Exercise: Only the number is requested. Tally the lines of the data that hold the string "Standard".
╭─ Information given
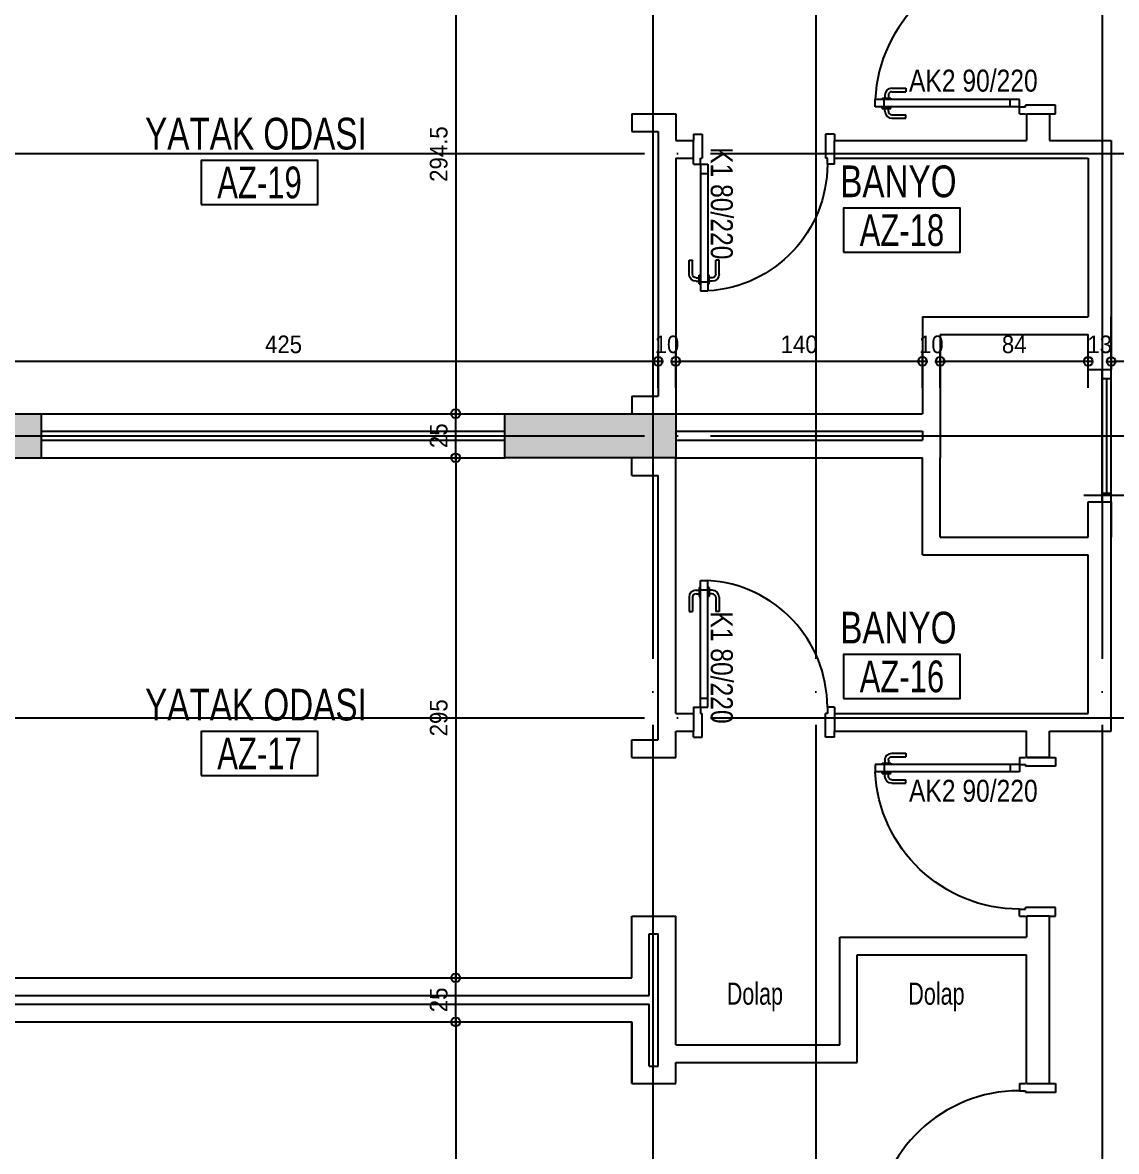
# Model space of a CAD drawing. Extents: x 460786 to 545292, y 30998 to 41694.
# Drawn here: x 466060 to 466680, y 39442 to 40082 of the extents above; entities that cross this region are included whole.
import ezdxf
from ezdxf.enums import TextEntityAlignment as Align

# ---------------------------------------------------------------- set-up
doc = ezdxf.new("R2010")
doc.units = 0
doc.header["$LTSCALE"] = 50
doc.header["$MEASUREMENT"] = 0
doc.header["$PDMODE"] = 35
doc.linetypes.add('DASHDOT', pattern=[5.5, 5, -0.25, 0, -0.25])
doc.layers.get('0').update_dxf_attribs({"linetype": 'CONTINUOUS'})
doc.layers.get('Defpoints').update_dxf_attribs({"linetype": 'CONTINUOUS'})
for name, color, linetype in [('A-Aks Dikey', 12, 'DASHDOT'), ('A-Aks Yatay', 12, 'DASHDOT'), ('A-Betonarme', 6, 'CONTINUOUS'), ('A-Cam', 160, 'CONTINUOUS'), ('A-Duvar', 7, 'CONTINUOUS'), ('A-Kapı', 2, 'CONTINUOUS'), ('A-mahal adi', 1, 'CONTINUOUS'), ('A-mahal no', 4, 'CONTINUOUS'), ('A-Olcu  IC Yatay', 8, 'CONTINUOUS'), ('A-Olcu Ic Dikey', 8, 'CONTINUOUS'), ('A-Poz-Kapı', 4, 'CONTINUOUS'), ('A-Tarama 1', 9, 'CONTINUOUS'), ('A-Yazı 2', 205, 'CONTINUOUS')]:
    doc.layers.add(name, color=color, linetype=linetype)
doc.styles.add('blkan', font='arial.ttf', dxfattribs={"width": 0.9, "height": 12.5})
doc.styles.get("Standard").update_dxf_attribs({"font": 'arial.ttf', "width": 0.9})
doc.dimstyles.new('EXIT', dxfattribs={"dimscale": 50, "dimtxt": 0.23, "dimasz": 0.03, "dimexe": 0.125, "dimexo": 0.5, "dimgap": 0.09, "dimtad": 1, "dimzin": 1, "dimdsep": 46, "dimtxsty": 'Standard', "dimblk": 'TICK', "dimcen": 0.2, "dimadec": 0, "dimazin": 0, "dimtfac": 1, "dimtix": 1, "dimtofl": 0, "dimtmove": 2, "dimatfit": 3, "dimldrblk": 'TICK', "dimfxl": 1, "dimtolj": 1, "dimtzin": 1, "dimarcsym": 0})

# ---------------------------------------------------------------- blocks, each defined once
blk = doc.blocks.new('kapı L 80p 10')
at = {"ltscale": 20}
for p, q in [((3.2, 71.38), (4, 71.38)), ((3.2, 71.38), (3.2, 66.38)), ((4, 75.38), (8.2, 75.38)), ((4, 3.5), (4, 75.38)), ((8.2, 3.5), (8.2, 75.38)), ((9, 71.38), (8.2, 71.38)), ((9, 71.38), (9, 66.38)), ((-2.45, 65.88), (-2.45, 57.88)), ((-0.45, 65.88), (-0.45, 57.88)), ((1.55, 69.88), (3.2, 69.88)), ((1.55, 67.88), (3.2, 67.88)), ((3.2, 66.38), (4, 66.38)), ((3.2, 66.38), (4, 66.38)), ((4, 70.17), (8.2, 70.17)), ((9, 66.38), (8.2, 66.38)), ((10.65, 69.88), (9, 69.88)), ((10.65, 67.88), (9, 67.88)), ((12.65, 65.88), (12.65, 57.88)), ((14.65, 65.88), (14.65, 57.88)), ((-2.45, 57.88), (-0.45, 57.88)), ((14.65, 57.88), (12.65, 57.88)), ((4, 8.71), (8.2, 8.71)), ((0, 3.5), (4, 3.5)), ((0, 3.5), (0, 0)), ((4, 3.5), (8.2, 3.5)), ((4, 3.5), (4, 0)), ((80, 3.5), (76, 3.5)), ((76, 3.5), (76, 0)), ((80, 3.5), (80, 0)), ((4, 0), (5, 0)), ((5, -13.5), (5, 0)), ((75, -13.5), (75, 0)), ((76, 0), (75, 0)), ((0, -13.5), (0, -10)), ((80, -13.5), (80, -10)), ((0, -13.5), (5, -13.5)), ((80, -13.5), (75, -13.5))]:
    blk.add_line(p, q, dxfattribs=at)
blk.add_arc((4, 3.5), 72, 360, 86.65585)
for centre, radius, start, end in [((1.55, 65.88), 4, 90, 180), ((1.55, 65.88), 2, 90, 180), ((10.65, 65.88), 4, 0, 90), ((10.65, 65.88), 2, 0, 90)]:
    blk.add_arc(centre, radius, start, end, dxfattribs=at)
at = {"layer": 'A-Poz-Kapı', "width": 0.8}
blk.add_attdef('POZNO', (30.17, -9.96), '', height=12.5, rotation=90, dxfattribs=at)
blk = doc.blocks.new('kapı L 90p 13.5')
at = {"ltscale": 20}
for p, q in [((4, 80.39), (8.2, 80.39)), ((4, -1.5), (4, 80.39)), ((8.2, -1.5), (8.2, 80.39)), ((-2.45, 70.89), (-2.45, 62.89)), ((-0.45, 70.89), (-0.45, 62.89)), ((1.55, 74.89), (3.2, 74.89)), ((1.55, 72.89), (3.2, 72.89)), ((3.2, 76.39), (4, 76.39)), ((3.2, 76.39), (3.2, 71.39)), ((3.2, 71.39), (4, 71.39)), ((3.2, 71.39), (4, 71.39)), ((4, 75.19), (8.2, 75.19)), ((9, 76.39), (8.2, 76.39)), ((9, 71.39), (8.2, 71.39)), ((9, 76.39), (9, 71.39)), ((10.65, 74.89), (9, 74.89)), ((10.65, 72.89), (9, 72.89)), ((12.65, 70.89), (12.65, 62.89)), ((14.65, 70.89), (14.65, 62.89)), ((-2.45, 62.89), (-0.45, 62.89)), ((14.65, 62.89), (12.65, 62.89)), ((4, 3.71), (8.2, 3.71)), ((0, -1.5), (4, -1.5)), ((0, -1.5), (0, -5)), ((4, -1.5), (8.2, -1.5)), ((4, -1.5), (4, -5)), ((4, -5), (5, -5)), ((5, -22), (5, -5)), ((85, -22), (85, -5)), ((86, -5), (85, -5)), ((90, -1.5), (86, -1.5)), ((86, -1.5), (86, -5)), ((90, -1.5), (90, -5))]:
    blk.add_line(p, q, dxfattribs=at)
for p, q in [((0, -18.5), (0, -22)), ((90, -18.5), (90, -22)), ((0, -22), (5, -22)), ((90, -22), (85, -22))]:
    blk.add_line(p, q)
blk.add_arc((4, -1.5), 82, 0, 87.06405)
for centre, radius, start, end in [((1.55, 70.89), 4, 90, 180), ((1.55, 70.89), 2, 90, 180), ((10.65, 70.89), 4, 0, 90), ((10.65, 70.89), 2, 0, 90)]:
    blk.add_arc(centre, radius, start, end, dxfattribs=at)
at = {"layer": 'A-Poz-Kapı', "width": 0.8}
blk.add_attdef('POZNO', (25, -18.46), '', height=12.5, rotation=90, dxfattribs=at)
blk = doc.blocks.new('mahal adı')
at = {"layer": 'A-mahal no'}
blk.add_lwpolyline([(-75.6, -73.4), (89.9, -73.4), (89.9, -10.9), (-75.6, -10.9)], close=True, dxfattribs=at)
at = {"layer": 'A-mahal adi', "width": 0.75}
for p in [(2.1, 88.8), (2.1, 27)]:
    blk.add_attdef('MAHALADI', text='', height=45, dxfattribs=at).set_placement(p, align=Align.MIDDLE_CENTER)
at = {"layer": 'A-mahal no', "width": 0.7}
blk.add_attdef('MAHALNO', text='', height=45, dxfattribs=at).set_placement((7.1, -42.1), align=Align.MIDDLE_CENTER)
blk = doc.blocks.new('TICK', base_point=(53.7, 38.06))
blk.add_line((55.37, 38.06), (52.04, 38.06))
blk.add_circle((53.7, 38.06), 1.67)
blk = doc.blocks.new('*D674')
at = {"layer": 'A-Olcu Ic Dikey', "color": 0, "lineweight": -2, "transparency": 16777216}
for p, q in [((466290.3384, 40154.50245), (466311.5884, 40154.50245)), ((466305.3384, 40153.00245), (466305.3384, 39861.50245)), ((466290.3384, 39860.00245), (466311.5884, 39860.00245))]:
    blk.add_line(p, q, dxfattribs=at)
at = {"layer": 'Defpoints', "color": 0, "transparency": 16777216}
for p in [(466265.3384, 40154.50245), (466265.3384, 39860.00245), (466305.3384, 39860.00245)]:
    blk.add_point(p, dxfattribs=at)
at = {"layer": 'A-Olcu Ic Dikey', "color": 0, "lineweight": -2, "transparency": 16777216, "xscale": 1.5, "yscale": 1.5, "zscale": 1.5}
for p, rotation in [((466305.3384, 40154.50245), 90), ((466305.3384, 39860.00245), 270)]:
    blk.add_blockref('TICK', p, dxfattribs=dict(at, rotation=rotation))
at = {"layer": 'A-Olcu Ic Dikey', "color": 0, "transparency": 16777216, "insert": (466295.73267, 40007.25245), "char_height": 10, "attachment_point": 5, "rotation": 90}
blk.add_mtext('\\A1;294.5', dxfattribs=at)
blk = doc.blocks.new('*D675')
at = {"layer": 'A-Olcu Ic Dikey', "color": 0, "lineweight": -2, "transparency": 16777216}
for p, q in [((466290.3384, 39860.00245), (466311.5884, 39860.00245)), ((466305.3384, 39836.50245), (466305.3384, 39858.50245)), ((466290.3384, 39835.00245), (466311.5884, 39835.00245))]:
    blk.add_line(p, q, dxfattribs=at)
at = {"layer": 'Defpoints', "color": 0, "transparency": 16777216}
for p in [(466265.3384, 39860.00245), (466305.3384, 39860.00245), (466265.3384, 39835.00245)]:
    blk.add_point(p, dxfattribs=at)
at = {"layer": 'A-Olcu Ic Dikey', "color": 0, "lineweight": -2, "transparency": 16777216, "xscale": 1.5, "yscale": 1.5, "zscale": 1.5}
for p, rotation in [((466305.3384, 39860.00245), 90), ((466305.3384, 39835.00245), 270)]:
    blk.add_blockref('TICK', p, dxfattribs=dict(at, rotation=rotation))
at = {"layer": 'A-Olcu Ic Dikey', "color": 0, "transparency": 16777216, "insert": (466295.73267, 39847.50245), "char_height": 10, "attachment_point": 5, "rotation": 90}
blk.add_mtext('\\A1;25', dxfattribs=at)
blk = doc.blocks.new('*D676')
at = {"layer": 'A-Olcu Ic Dikey', "color": 0, "lineweight": -2, "transparency": 16777216}
for p, q in [((466290.3384, 39835.00245), (466311.5884, 39835.00245)), ((466305.3384, 39833.50245), (466305.3384, 39541.50245)), ((466290.3384, 39540.00245), (466311.5884, 39540.00245))]:
    blk.add_line(p, q, dxfattribs=at)
at = {"layer": 'Defpoints', "color": 0, "transparency": 16777216}
for p in [(466265.3384, 39835.00245), (466265.3384, 39540.00245), (466305.3384, 39540.00245)]:
    blk.add_point(p, dxfattribs=at)
at = {"layer": 'A-Olcu Ic Dikey', "color": 0, "lineweight": -2, "transparency": 16777216, "xscale": 1.5, "yscale": 1.5, "zscale": 1.5}
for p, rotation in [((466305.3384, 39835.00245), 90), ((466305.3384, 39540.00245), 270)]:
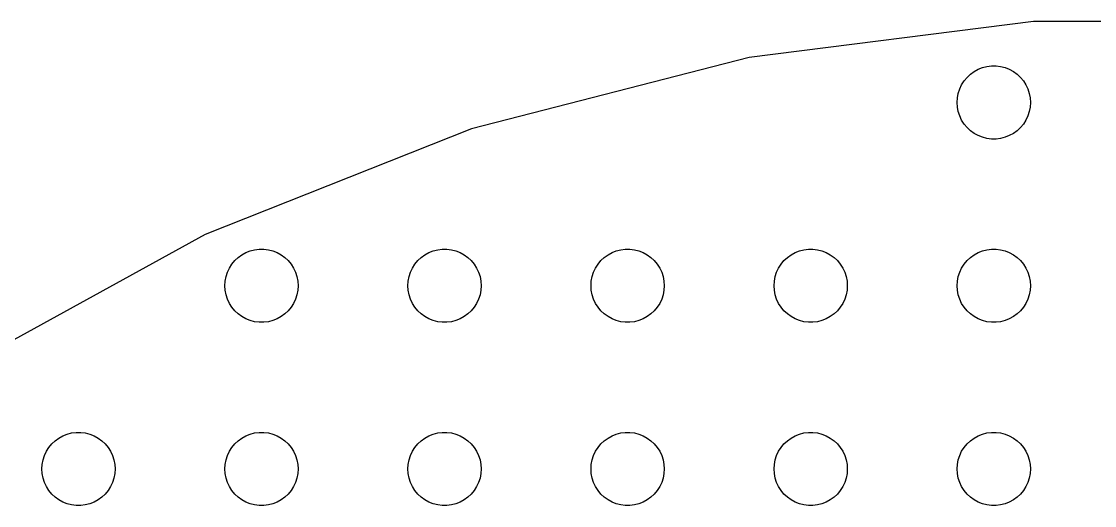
# Model space of a CAD drawing. Header units: metres. Extents: x -187 to 187, y -187 to 187.
# Drawn here: x -94.7 to -6.7, y 147 to 186.6 of the extents above; entities that cross this region are included whole.
import ezdxf

# ---------------------------------------------------------------- set-up
doc = ezdxf.new("R2010")
doc.units = ezdxf.units.M

msp = doc.modelspace()

# ---------------------------------------------------------------- linework, layer by layer
for p, q in [((-11.7418, 186.631), (-35.0403, 183.688)), ((11.7418, 186.631), (-11.7418, 186.631)), ((-35.0403, 183.688), (-57.7862, 177.848)), ((-15.927, 182.853), (-15.5621, 182.947)), ((-15.5621, 182.947), (-15.1884, 182.994)), ((-15.1884, 182.994), (-14.8116, 182.994)), ((-14.8116, 182.994), (-14.4379, 182.947)), ((-14.4379, 182.947), (-14.0729, 182.853)), ((-17.427, 181.763), (-17.1869, 182.054)), ((-17.1869, 182.054), (-16.9123, 182.312)), ((-16.9123, 182.312), (-16.6075, 182.533)), ((-16.6075, 182.533), (-16.2773, 182.714)), ((-16.2773, 182.714), (-15.927, 182.853)), ((-14.0729, 182.853), (-13.7227, 182.714)), ((-13.7227, 182.714), (-13.3925, 182.533)), ((-13.3925, 182.533), (-13.0877, 182.312)), ((-13.0877, 182.312), (-12.8131, 182.054)), ((-12.8131, 182.054), (-12.5729, 181.763)), ((-17.7893, 181.104), (-17.6289, 181.445)), ((-17.6289, 181.445), (-17.427, 181.763)), ((-12.5729, 181.763), (-12.3711, 181.445)), ((-12.3711, 181.445), (-12.2107, 181.104)), ((-18, 180), (-17.9763, 180.376)), ((-17.9763, 180.376), (-17.9057, 180.746)), ((-17.9057, 180.746), (-17.7893, 181.104)), ((-12.2107, 181.104), (-12.0942, 180.746)), ((-12.0942, 180.746), (-12.0237, 180.376)), ((-12.0237, 180.376), (-12, 180)), ((-17.9763, 179.624), (-18, 180)), ((-17.9057, 179.254), (-17.9763, 179.624)), ((-12.0237, 179.624), (-12.0942, 179.254)), ((-12, 180), (-12.0237, 179.624)), ((-17.7893, 178.896), (-17.9057, 179.254)), ((-17.6289, 178.555), (-17.7893, 178.896)), ((-17.427, 178.237), (-17.6289, 178.555)), ((-12.3711, 178.555), (-12.5729, 178.237)), ((-12.2107, 178.896), (-12.3711, 178.555)), ((-12.0942, 179.254), (-12.2107, 178.896)), ((-57.7862, 177.848), (-79.6207, 169.203)), ((-17.1869, 177.946), (-17.427, 178.237)), ((-16.9123, 177.688), (-17.1869, 177.946)), ((-16.6075, 177.467), (-16.9123, 177.688)), ((-13.0877, 177.688), (-13.3925, 177.467)), ((-12.8131, 177.946), (-13.0877, 177.688)), ((-12.5729, 178.237), (-12.8131, 177.946)), ((-16.2773, 177.286), (-16.6075, 177.467)), ((-15.927, 177.147), (-16.2773, 177.286)), ((-15.5621, 177.053), (-15.927, 177.147)), ((-15.1884, 177.006), (-15.5621, 177.053)), ((-14.8116, 177.006), (-15.1884, 177.006)), ((-14.4379, 177.053), (-14.8116, 177.006)), ((-14.0729, 177.147), (-14.4379, 177.053)), ((-13.7227, 177.286), (-14.0729, 177.147)), ((-13.3925, 177.467), (-13.7227, 177.286)), ((-79.6207, 169.203), (-100.2, 157.889)), ((-75.5621, 167.947), (-75.1884, 167.994)), ((-75.1884, 167.994), (-74.8116, 167.994)), ((-74.8116, 167.994), (-74.4379, 167.947)), ((-60.5621, 167.947), (-60.1884, 167.994)), ((-60.1884, 167.994), (-59.8116, 167.994)), ((-59.8116, 167.994), (-59.4379, 167.947)), ((-45.5621, 167.947), (-45.1884, 167.994)), ((-45.1884, 167.994), (-44.8116, 167.994)), ((-44.8116, 167.994), (-44.4379, 167.947)), ((-30.5621, 167.947), (-30.1884, 167.994)), ((-30.1884, 167.994), (-29.8116, 167.994)), ((-29.8116, 167.994), (-29.4379, 167.947)), ((-15.5621, 167.947), (-15.1884, 167.994)), ((-15.1884, 167.994), (-14.8116, 167.994)), ((-14.8116, 167.994), (-14.4379, 167.947)), ((-77.1869, 167.054), (-76.9123, 167.312)), ((-76.9123, 167.312), (-76.6075, 167.533)), ((-76.6075, 167.533), (-76.2773, 167.714)), ((-76.2773, 167.714), (-75.927, 167.853)), ((-75.927, 167.853), (-75.5621, 167.947)), ((-74.4379, 167.947), (-74.073, 167.853)), ((-74.073, 167.853), (-73.7227, 167.714)), ((-73.7227, 167.714), (-73.3925, 167.533)), ((-73.3925, 167.533), (-73.0877, 167.312)), ((-73.0877, 167.312), (-72.8131, 167.054)), ((-62.1869, 167.054), (-61.9123, 167.312)), ((-61.9123, 167.312), (-61.6075, 167.533)), ((-61.6075, 167.533), (-61.2773, 167.714)), ((-61.2773, 167.714), (-60.927, 167.853)), ((-60.927, 167.853), (-60.5621, 167.947)), ((-59.4379, 167.947), (-59.0729, 167.853)), ((-59.0729, 167.853), (-58.7227, 167.714)), ((-58.7227, 167.714), (-58.3925, 167.533)), ((-58.3925, 167.533), (-58.0877, 167.312)), ((-58.0877, 167.312), (-57.8131, 167.054)), ((-47.1869, 167.054), (-46.9123, 167.312)), ((-46.9123, 167.312), (-46.6075, 167.533)), ((-46.6075, 167.533), (-46.2773, 167.714)), ((-46.2773, 167.714), (-45.927, 167.853)), ((-45.927, 167.853), (-45.5621, 167.947)), ((-44.4379, 167.947), (-44.0729, 167.853)), ((-44.0729, 167.853), (-43.7227, 167.714)), ((-43.7227, 167.714), (-43.3925, 167.533)), ((-43.3925, 167.533), (-43.0877, 167.312)), ((-43.0877, 167.312), (-42.8131, 167.054)), ((-32.1869, 167.054), (-31.9123, 167.312)), ((-31.9123, 167.312), (-31.6075, 167.533)), ((-31.6075, 167.533), (-31.2773, 167.714)), ((-31.2773, 167.714), (-30.927, 167.853)), ((-30.927, 167.853), (-30.5621, 167.947)), ((-29.4379, 167.947), (-29.0729, 167.853)), ((-29.0729, 167.853), (-28.7227, 167.714)), ((-28.7227, 167.714), (-28.3925, 167.533)), ((-28.3925, 167.533), (-28.0877, 167.312)), ((-28.0877, 167.312), (-27.8131, 167.054)), ((-17.1869, 167.054), (-16.9123, 167.312)), ((-16.9123, 167.312), (-16.6075, 167.533)), ((-16.6075, 167.533), (-16.2773, 167.714)), ((-16.2773, 167.714), (-15.927, 167.853)), ((-15.927, 167.853), (-15.5621, 167.947)), ((-14.4379, 167.947), (-14.0729, 167.853)), ((-14.0729, 167.853), (-13.7227, 167.714)), ((-13.7227, 167.714), (-13.3925, 167.533)), ((-13.3925, 167.533), (-13.0877, 167.312)), ((-13.0877, 167.312), (-12.8131, 167.054)), ((-77.7893, 166.104), (-77.6289, 166.445)), ((-77.6289, 166.445), (-77.427, 166.763)), ((-77.427, 166.763), (-77.1869, 167.054)), ((-72.8131, 167.054), (-72.573, 166.763)), ((-72.573, 166.763), (-72.3711, 166.445)), ((-72.3711, 166.445), (-72.2107, 166.104)), ((-62.7893, 166.104), (-62.6289, 166.445)), ((-62.6289, 166.445), (-62.427, 166.763)), ((-62.427, 166.763), (-62.1869, 167.054)), ((-57.8131, 167.054), (-57.5729, 166.763)), ((-57.5729, 166.763), (-57.3711, 166.445)), ((-57.3711, 166.445), (-57.2107, 166.104)), ((-47.7893, 166.104), (-47.6289, 166.445)), ((-47.6289, 166.445), (-47.427, 166.763)), ((-47.427, 166.763), (-47.1869, 167.054)), ((-42.8131, 167.054), (-42.5729, 166.763)), ((-42.5729, 166.763), (-42.3711, 166.445)), ((-42.3711, 166.445), (-42.2107, 166.104)), ((-32.7893, 166.104), (-32.6289, 166.445)), ((-32.6289, 166.445), (-32.427, 166.763)), ((-32.427, 166.763), (-32.1869, 167.054)), ((-27.8131, 167.054), (-27.5729, 166.763)), ((-27.5729, 166.763), (-27.3711, 166.445)), ((-27.3711, 166.445), (-27.2107, 166.104)), ((-17.7893, 166.104), (-17.6289, 166.445)), ((-17.6289, 166.445), (-17.427, 166.763)), ((-17.427, 166.763), (-17.1869, 167.054)), ((-12.8131, 167.054), (-12.5729, 166.763)), ((-12.5729, 166.763), (-12.3711, 166.445)), ((-12.3711, 166.445), (-12.2107, 166.104)), ((-78, 165), (-77.9763, 165.376)), ((-77.9763, 165.376), (-77.9057, 165.746)), ((-77.9057, 165.746), (-77.7893, 166.104)), ((-72.2107, 166.104), (-72.0943, 165.746)), ((-72.0943, 165.746), (-72.0237, 165.376)), ((-72.0237, 165.376), (-72, 165)), ((-63, 165), (-62.9763, 165.376)), ((-62.9763, 165.376), (-62.9057, 165.746)), ((-62.9057, 165.746), (-62.7893, 166.104)), ((-57.2107, 166.104), (-57.0942, 165.746)), ((-57.0942, 165.746), (-57.0237, 165.376)), ((-57.0237, 165.376), (-57, 165)), ((-48, 165), (-47.9763, 165.376)), ((-47.9763, 165.376), (-47.9057, 165.746)), ((-47.9057, 165.746), (-47.7893, 166.104)), ((-42.2107, 166.104), (-42.0942, 165.746)), ((-42.0942, 165.746), (-42.0237, 165.376)), ((-42.0237, 165.376), (-42, 165)), ((-33, 165), (-32.9763, 165.376)), ((-32.9763, 165.376), (-32.9057, 165.746)), ((-32.9057, 165.746), (-32.7893, 166.104)), ((-27.2107, 166.104), (-27.0942, 165.746)), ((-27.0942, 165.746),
╰─
Answer to the problem: 2